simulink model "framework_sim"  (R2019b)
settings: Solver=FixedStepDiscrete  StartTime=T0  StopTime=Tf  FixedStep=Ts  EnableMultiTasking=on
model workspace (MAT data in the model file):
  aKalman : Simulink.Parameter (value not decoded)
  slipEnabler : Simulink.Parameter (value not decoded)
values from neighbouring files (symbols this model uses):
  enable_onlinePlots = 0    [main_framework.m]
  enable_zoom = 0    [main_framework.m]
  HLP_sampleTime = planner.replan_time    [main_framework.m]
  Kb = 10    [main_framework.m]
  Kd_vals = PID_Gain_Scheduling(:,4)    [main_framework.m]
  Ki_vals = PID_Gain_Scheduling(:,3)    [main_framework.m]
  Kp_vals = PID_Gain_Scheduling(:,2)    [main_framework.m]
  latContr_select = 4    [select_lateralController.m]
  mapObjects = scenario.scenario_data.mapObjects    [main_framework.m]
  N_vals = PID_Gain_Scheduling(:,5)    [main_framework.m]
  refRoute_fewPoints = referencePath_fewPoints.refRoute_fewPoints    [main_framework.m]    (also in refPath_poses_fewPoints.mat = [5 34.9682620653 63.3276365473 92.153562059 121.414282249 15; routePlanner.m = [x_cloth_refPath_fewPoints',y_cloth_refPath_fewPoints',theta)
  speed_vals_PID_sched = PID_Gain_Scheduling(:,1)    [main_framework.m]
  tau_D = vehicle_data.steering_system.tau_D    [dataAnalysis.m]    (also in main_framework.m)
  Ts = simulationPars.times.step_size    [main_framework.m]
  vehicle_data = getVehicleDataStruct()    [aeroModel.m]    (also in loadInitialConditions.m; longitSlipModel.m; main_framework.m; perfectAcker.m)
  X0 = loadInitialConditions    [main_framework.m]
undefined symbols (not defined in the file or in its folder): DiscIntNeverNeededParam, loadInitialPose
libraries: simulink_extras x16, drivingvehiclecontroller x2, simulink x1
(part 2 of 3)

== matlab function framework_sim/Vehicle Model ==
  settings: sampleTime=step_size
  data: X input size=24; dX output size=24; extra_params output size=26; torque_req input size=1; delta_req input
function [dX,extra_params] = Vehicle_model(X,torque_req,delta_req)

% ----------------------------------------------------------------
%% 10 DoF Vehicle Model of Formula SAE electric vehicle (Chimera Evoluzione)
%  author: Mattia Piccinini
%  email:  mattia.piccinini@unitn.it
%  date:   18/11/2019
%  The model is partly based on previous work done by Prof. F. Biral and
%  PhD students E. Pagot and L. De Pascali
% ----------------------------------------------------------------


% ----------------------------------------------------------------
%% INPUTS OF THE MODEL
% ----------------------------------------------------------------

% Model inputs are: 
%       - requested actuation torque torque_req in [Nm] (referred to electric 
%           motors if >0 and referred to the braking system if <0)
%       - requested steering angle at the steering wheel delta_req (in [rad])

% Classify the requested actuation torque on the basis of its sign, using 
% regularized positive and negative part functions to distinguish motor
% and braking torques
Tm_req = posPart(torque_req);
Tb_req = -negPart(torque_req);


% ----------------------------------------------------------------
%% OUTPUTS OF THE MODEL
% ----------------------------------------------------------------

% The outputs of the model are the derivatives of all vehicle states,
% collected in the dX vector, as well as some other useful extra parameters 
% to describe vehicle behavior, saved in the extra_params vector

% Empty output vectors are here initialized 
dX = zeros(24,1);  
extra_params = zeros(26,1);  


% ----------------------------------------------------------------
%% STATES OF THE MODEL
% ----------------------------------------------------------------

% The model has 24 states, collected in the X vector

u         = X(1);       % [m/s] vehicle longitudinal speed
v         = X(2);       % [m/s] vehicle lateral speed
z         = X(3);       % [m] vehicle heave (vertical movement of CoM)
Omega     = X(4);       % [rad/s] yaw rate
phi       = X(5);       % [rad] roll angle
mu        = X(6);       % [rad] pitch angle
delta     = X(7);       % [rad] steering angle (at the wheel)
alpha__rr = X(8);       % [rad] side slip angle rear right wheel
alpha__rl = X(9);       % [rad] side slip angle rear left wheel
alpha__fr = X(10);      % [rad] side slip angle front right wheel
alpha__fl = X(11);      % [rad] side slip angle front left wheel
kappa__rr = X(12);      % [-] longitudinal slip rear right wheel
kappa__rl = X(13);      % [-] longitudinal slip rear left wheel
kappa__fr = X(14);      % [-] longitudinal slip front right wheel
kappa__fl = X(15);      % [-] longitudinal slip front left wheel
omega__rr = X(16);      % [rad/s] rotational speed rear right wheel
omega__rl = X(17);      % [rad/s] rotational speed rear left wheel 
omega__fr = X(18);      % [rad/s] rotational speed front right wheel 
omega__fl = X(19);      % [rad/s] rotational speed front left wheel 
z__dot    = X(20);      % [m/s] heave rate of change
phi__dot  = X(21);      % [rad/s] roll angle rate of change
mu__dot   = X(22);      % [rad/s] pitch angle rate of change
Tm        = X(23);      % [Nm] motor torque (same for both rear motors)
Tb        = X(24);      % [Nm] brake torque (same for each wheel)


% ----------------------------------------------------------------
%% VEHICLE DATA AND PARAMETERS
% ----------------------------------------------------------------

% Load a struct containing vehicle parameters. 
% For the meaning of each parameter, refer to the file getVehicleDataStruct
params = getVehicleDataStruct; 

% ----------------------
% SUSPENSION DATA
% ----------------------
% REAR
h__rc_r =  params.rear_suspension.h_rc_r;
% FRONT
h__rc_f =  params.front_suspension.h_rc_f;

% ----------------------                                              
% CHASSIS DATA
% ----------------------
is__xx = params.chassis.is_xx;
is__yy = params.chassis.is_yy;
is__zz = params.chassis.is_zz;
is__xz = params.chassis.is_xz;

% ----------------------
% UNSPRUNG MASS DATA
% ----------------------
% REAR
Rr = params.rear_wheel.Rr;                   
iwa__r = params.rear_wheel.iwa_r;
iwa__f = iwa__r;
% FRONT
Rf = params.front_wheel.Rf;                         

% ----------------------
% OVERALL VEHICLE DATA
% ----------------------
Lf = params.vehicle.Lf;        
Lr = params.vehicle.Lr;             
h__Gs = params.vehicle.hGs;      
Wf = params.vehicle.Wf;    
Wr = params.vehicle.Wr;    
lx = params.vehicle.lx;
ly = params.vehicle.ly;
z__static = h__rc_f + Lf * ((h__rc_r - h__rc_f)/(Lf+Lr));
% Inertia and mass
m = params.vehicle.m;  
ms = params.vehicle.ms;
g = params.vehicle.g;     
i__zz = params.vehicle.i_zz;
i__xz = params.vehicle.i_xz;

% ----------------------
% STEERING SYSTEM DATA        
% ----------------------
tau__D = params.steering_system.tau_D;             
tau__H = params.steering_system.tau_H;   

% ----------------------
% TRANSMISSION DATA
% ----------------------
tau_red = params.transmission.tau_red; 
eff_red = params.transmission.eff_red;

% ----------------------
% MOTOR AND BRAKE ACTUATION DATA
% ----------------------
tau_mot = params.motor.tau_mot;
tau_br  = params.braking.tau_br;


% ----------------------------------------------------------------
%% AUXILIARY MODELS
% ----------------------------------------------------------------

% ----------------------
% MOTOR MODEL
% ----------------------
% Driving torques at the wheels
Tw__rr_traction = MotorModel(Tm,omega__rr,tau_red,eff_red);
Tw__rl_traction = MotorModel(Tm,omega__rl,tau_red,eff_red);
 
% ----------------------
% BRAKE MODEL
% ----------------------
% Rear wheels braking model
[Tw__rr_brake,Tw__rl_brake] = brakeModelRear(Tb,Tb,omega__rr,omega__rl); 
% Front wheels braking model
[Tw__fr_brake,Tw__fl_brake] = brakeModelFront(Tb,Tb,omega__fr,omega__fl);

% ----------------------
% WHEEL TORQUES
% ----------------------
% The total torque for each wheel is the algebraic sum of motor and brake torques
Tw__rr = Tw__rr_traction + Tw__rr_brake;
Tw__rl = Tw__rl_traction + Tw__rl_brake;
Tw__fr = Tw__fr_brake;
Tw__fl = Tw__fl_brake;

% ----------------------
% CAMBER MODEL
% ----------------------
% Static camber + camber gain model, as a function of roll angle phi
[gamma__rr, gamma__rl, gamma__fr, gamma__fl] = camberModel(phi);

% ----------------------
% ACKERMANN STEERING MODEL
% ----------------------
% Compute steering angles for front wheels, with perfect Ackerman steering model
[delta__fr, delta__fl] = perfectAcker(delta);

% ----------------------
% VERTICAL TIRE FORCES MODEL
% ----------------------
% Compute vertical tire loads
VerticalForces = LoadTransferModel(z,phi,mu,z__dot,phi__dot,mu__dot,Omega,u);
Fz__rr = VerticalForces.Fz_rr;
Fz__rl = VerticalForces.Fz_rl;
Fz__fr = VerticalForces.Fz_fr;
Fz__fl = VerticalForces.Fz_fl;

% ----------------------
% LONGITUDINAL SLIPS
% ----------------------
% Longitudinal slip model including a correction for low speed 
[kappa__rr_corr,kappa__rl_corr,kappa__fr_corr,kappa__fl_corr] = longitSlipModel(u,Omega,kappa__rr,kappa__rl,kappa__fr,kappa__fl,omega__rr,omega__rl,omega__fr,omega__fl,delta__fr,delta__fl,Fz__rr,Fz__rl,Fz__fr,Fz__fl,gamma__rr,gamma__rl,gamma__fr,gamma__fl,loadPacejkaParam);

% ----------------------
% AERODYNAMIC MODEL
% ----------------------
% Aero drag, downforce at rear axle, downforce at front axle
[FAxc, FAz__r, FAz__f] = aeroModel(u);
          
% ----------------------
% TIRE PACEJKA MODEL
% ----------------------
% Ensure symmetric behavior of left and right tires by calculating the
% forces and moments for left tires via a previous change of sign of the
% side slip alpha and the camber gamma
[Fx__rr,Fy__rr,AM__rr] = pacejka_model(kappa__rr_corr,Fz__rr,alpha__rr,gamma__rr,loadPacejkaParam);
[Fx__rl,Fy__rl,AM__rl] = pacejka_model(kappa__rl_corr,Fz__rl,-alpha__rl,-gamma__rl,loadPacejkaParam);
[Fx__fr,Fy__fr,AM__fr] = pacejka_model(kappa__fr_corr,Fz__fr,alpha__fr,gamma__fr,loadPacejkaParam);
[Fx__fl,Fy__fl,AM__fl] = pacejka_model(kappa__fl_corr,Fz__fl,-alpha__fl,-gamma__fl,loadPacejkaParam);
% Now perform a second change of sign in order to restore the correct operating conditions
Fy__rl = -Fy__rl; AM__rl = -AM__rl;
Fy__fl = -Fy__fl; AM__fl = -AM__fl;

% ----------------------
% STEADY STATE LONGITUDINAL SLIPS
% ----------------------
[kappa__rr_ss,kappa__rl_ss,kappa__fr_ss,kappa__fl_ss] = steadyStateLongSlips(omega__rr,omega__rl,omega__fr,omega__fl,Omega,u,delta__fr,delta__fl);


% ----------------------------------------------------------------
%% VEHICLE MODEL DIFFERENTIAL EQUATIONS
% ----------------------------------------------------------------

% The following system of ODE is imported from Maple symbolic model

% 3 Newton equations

————

Above are the entries. Copy exactly the part that opens with the line containing "Tm_req = posPart(torque_req);" and closes with the line containing "alpha__rr = X(8);", and no more.

> _YOUR SOLUTION_
Tm_req = posPart(torque_req);
Tb_req = -negPart(torque_req);


% ----------------------------------------------------------------
%% OUTPUTS OF THE MODEL
% ----------------------------------------------------------------

% The outputs of the model are the derivatives of all vehicle states,
% collected in the dX vector, as well as some other useful extra parameters 
% to describe vehicle behavior, saved in the extra_params vector

% Empty output vectors are here initialized 
dX = zeros(24,1);  
extra_params = zeros(26,1);  


% ----------------------------------------------------------------
%% STATES OF THE MODEL
% ----------------------------------------------------------------

% The model has 24 states, collected in the X vector

u         = X(1);       % [m/s] vehicle longitudinal speed
v         = X(2);       % [m/s] vehicle lateral speed
z         = X(3);       % [m] vehicle heave (vertical movement of CoM)
Omega     = X(4);       % [rad/s] yaw rate
phi       = X(5);       % [rad] roll angle
mu        = X(6);       % [rad] pitch angle
delta     = X(7);       % [rad] steering angle (at the wheel)
alpha__rr = X(8);       % [rad] side slip angle rear right wheel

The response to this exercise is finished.